:: EXERCISE DESCRIPTION ::
Each of the lines from the one that contains "R1: 10k; R_0402_1005Metric" to the end of the entries below should be output exactly.

:: GIVEN ENTRIES ::
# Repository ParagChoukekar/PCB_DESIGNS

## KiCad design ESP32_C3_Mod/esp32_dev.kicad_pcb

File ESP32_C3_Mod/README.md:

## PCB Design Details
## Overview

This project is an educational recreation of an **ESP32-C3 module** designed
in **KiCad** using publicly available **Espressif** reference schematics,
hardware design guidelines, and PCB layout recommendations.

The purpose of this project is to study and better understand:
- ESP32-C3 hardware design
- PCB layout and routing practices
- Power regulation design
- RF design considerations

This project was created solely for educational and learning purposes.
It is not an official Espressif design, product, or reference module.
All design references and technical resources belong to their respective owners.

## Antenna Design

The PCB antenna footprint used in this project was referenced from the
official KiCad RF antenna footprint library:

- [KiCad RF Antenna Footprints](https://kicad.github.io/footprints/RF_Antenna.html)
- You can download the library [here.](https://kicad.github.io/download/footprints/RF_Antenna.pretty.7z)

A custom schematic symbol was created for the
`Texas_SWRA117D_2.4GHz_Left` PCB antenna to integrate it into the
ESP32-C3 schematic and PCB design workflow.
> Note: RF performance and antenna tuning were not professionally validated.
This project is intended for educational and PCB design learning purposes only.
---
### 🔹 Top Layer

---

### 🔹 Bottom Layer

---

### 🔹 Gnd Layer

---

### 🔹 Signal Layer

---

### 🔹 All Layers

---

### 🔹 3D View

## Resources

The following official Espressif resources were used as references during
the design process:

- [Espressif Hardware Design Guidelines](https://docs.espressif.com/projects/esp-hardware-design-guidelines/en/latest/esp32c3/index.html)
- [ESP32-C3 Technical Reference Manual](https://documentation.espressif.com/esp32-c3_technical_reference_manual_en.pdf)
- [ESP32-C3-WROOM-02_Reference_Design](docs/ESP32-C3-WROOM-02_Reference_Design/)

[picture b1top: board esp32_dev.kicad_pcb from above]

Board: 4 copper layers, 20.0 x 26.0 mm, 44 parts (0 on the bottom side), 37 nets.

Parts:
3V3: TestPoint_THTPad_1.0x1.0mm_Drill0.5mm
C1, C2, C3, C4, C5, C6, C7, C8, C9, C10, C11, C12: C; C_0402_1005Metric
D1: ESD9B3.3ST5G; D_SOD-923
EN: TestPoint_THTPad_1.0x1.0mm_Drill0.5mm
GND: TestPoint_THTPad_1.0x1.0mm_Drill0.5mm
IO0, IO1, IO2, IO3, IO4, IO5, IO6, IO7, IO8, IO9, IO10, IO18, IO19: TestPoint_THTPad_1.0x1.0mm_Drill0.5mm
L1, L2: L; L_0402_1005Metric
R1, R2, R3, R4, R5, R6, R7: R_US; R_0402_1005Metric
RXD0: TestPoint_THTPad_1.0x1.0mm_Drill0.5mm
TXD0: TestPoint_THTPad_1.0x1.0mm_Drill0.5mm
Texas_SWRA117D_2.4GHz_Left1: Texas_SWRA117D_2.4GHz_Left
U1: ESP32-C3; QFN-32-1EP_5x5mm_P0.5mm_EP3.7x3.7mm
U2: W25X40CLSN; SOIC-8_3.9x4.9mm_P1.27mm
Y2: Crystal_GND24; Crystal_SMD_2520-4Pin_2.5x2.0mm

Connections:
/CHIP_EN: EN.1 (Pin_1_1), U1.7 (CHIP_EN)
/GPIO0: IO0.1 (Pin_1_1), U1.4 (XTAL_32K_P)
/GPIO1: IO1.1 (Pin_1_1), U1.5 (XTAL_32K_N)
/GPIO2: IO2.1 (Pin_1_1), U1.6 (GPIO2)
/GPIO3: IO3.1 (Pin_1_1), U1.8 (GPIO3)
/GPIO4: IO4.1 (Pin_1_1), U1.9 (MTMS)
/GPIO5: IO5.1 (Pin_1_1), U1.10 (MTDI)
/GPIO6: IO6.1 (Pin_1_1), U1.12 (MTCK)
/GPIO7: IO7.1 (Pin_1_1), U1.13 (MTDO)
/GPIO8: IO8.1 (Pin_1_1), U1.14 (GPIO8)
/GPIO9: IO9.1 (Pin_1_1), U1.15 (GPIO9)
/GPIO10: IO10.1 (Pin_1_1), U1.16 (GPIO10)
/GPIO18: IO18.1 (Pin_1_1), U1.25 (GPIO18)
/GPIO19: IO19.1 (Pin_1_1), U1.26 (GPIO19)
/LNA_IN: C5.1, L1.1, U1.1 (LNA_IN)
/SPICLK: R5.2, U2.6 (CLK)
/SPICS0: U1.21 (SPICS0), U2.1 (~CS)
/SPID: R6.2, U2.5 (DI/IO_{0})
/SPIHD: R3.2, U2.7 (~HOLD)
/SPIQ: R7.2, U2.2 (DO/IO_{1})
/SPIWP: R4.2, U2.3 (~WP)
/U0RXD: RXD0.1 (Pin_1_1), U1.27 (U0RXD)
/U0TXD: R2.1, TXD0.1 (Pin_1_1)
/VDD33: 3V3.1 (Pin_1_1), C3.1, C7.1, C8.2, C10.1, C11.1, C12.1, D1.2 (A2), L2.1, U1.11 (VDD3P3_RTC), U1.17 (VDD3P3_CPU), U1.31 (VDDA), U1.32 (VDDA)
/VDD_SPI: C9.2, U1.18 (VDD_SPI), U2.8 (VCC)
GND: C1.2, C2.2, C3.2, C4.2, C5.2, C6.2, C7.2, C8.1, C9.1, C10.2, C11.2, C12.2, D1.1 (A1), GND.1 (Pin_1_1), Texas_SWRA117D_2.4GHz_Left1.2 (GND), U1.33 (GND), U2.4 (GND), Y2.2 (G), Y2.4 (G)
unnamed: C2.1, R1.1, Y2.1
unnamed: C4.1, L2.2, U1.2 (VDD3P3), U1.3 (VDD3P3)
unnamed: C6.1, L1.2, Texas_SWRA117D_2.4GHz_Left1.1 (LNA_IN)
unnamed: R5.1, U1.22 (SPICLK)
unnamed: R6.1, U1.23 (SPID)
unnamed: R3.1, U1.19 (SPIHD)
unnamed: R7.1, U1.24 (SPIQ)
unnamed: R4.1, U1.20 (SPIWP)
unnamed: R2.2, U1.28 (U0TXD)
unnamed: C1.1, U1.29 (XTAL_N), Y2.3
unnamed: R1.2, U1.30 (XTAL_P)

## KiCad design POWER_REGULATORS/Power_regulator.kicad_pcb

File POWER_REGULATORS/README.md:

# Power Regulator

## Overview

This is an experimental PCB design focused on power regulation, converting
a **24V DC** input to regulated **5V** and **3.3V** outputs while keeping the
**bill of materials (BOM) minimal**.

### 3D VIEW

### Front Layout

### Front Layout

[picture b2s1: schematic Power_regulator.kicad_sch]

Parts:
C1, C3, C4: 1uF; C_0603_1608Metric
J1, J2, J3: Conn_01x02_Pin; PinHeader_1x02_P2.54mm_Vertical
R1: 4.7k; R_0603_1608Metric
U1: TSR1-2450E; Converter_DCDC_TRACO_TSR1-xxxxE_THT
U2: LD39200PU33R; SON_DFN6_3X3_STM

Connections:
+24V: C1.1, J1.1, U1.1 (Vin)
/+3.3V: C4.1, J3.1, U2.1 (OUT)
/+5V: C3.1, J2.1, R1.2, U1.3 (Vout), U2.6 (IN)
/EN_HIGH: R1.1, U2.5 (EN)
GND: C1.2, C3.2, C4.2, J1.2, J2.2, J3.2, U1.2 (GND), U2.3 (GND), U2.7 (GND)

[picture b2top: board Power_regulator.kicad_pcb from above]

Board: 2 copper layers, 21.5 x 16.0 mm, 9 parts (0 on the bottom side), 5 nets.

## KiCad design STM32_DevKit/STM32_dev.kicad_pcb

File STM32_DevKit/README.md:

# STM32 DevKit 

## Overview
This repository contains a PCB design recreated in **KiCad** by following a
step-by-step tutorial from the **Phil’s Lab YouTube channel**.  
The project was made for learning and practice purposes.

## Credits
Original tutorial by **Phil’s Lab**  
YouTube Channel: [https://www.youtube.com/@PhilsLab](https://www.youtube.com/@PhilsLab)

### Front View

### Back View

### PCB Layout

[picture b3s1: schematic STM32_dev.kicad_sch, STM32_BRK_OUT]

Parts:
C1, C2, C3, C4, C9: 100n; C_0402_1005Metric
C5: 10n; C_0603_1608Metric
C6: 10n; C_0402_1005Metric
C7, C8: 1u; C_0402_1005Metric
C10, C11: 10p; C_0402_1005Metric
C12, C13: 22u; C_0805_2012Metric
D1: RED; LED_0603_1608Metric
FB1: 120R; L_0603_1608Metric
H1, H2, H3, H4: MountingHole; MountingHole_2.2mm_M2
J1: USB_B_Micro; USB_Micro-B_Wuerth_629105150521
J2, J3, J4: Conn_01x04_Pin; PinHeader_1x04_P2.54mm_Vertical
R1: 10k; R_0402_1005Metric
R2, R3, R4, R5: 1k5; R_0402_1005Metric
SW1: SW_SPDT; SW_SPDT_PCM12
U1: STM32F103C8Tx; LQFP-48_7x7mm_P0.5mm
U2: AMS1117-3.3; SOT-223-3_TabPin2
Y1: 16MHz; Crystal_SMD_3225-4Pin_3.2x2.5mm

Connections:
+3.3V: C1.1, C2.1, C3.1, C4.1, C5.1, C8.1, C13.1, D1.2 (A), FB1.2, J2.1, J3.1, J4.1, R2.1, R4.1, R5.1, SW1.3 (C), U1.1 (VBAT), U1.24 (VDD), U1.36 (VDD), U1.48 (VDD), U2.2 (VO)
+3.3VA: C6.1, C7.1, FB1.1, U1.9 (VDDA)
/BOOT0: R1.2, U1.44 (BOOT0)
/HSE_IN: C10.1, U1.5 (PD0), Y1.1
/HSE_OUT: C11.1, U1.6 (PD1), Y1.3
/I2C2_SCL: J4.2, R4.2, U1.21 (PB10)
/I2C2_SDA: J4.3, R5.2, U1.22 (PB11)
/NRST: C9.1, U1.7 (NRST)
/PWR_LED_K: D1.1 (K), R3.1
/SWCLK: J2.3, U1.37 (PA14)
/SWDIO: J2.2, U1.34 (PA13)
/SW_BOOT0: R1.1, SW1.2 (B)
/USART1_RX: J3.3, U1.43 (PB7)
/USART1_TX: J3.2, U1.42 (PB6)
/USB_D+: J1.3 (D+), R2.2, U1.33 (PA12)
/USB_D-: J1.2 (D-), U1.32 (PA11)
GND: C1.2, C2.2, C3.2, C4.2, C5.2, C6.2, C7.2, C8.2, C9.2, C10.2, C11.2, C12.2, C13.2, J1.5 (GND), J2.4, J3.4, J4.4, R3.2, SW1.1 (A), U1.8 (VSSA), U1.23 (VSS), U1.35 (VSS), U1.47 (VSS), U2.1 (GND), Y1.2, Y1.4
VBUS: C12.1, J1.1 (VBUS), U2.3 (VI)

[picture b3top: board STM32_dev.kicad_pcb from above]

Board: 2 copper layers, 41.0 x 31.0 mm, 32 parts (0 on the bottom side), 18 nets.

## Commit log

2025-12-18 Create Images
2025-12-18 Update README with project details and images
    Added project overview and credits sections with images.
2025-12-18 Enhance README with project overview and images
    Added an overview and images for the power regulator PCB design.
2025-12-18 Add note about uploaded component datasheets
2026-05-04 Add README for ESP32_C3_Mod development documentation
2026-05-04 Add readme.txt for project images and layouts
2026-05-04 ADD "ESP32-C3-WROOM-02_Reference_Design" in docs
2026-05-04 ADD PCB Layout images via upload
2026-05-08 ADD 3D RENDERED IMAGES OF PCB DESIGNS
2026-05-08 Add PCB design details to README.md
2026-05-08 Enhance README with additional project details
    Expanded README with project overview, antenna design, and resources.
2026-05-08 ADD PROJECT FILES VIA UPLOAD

:: OUTPUT OF THE EXERCISE ::
R1: 10k; R_0402_1005Metric
R2, R3, R4, R5: 1k5; R_0402_1005Metric
SW1: SW_SPDT; SW_SPDT_PCM12
U1: STM32F103C8Tx; LQFP-48_7x7mm_P0.5mm
U2: AMS1117-3.3; SOT-223-3_TabPin2
Y1: 16MHz; Crystal_SMD_3225-4Pin_3.2x2.5mm

Connections:
+3.3V: C1.1, C2.1, C3.1, C4.1, C5.1, C8.1, C13.1, D1.2 (A), FB1.2, J2.1, J3.1, J4.1, R2.1, R4.1, R5.1, SW1.3 (C), U1.1 (VBAT), U1.24 (VDD), U1.36 (VDD), U1.48 (VDD), U2.2 (VO)
+3.3VA: C6.1, C7.1, FB1.1, U1.9 (VDDA)
/BOOT0: R1.2, U1.44 (BOOT0)
/HSE_IN: C10.1, U1.5 (PD0), Y1.1
/HSE_OUT: C11.1, U1.6 (PD1), Y1.3
/I2C2_SCL: J4.2, R4.2, U1.21 (PB10)
/I2C2_SDA: J4.3, R5.2, U1.22 (PB11)
/NRST: C9.1, U1.7 (NRST)
/PWR_LED_K: D1.1 (K), R3.1
/SWCLK: J2.3, U1.37 (PA14)
/SWDIO: J2.2, U1.34 (PA13)
/SW_BOOT0: R1.1, SW1.2 (B)
/USART1_RX: J3.3, U1.43 (PB7)
/USART1_TX: J3.2, U1.42 (PB6)
/USB_D+: J1.3 (D+), R2.2, U1.33 (PA12)
/USB_D-: J1.2 (D-), U1.32 (PA11)
GND: C1.2, C2.2, C3.2, C4.2, C5.2, C6.2, C7.2, C8.2, C9.2, C10.2, C11.2, C12.2, C13.2, J1.5 (GND), J2.4, J3.4, J4.4, R3.2, SW1.1 (A), U1.8 (VSSA), U1.23 (VSS), U1.35 (VSS), U1.47 (VSS), U2.1 (GND), Y1.2, Y1.4
VBUS: C12.1, J1.1 (VBUS), U2.3 (VI)

[picture b3top: board STM32_dev.kicad_pcb from above]

Board: 2 copper layers, 41.0 x 31.0 mm, 32 parts (0 on the bottom side), 18 nets.

## Commit log

2025-12-18 Create Images
2025-12-18 Update README with project details and images
    Added project overview and credits sections with images.
2025-12-18 Enhance README with project overview and images
    Added an overview and images for the power regulator PCB design.
2025-12-18 Add note about uploaded component datasheets
2026-05-04 Add README for ESP32_C3_Mod development documentation
2026-05-04 Add readme.txt for project images and layouts
2026-05-04 ADD "ESP32-C3-WROOM-02_Reference_Design" in docs
2026-05-04 ADD PCB Layout images via upload
2026-05-08 ADD 3D RENDERED IMAGES OF PCB DESIGNS
2026-05-08 Add PCB design details to README.md
2026-05-08 Enhance README with additional project details
    Expanded README with project overview, antenna design, and resources.
2026-05-08 ADD PROJECT FILES VIA UPLOAD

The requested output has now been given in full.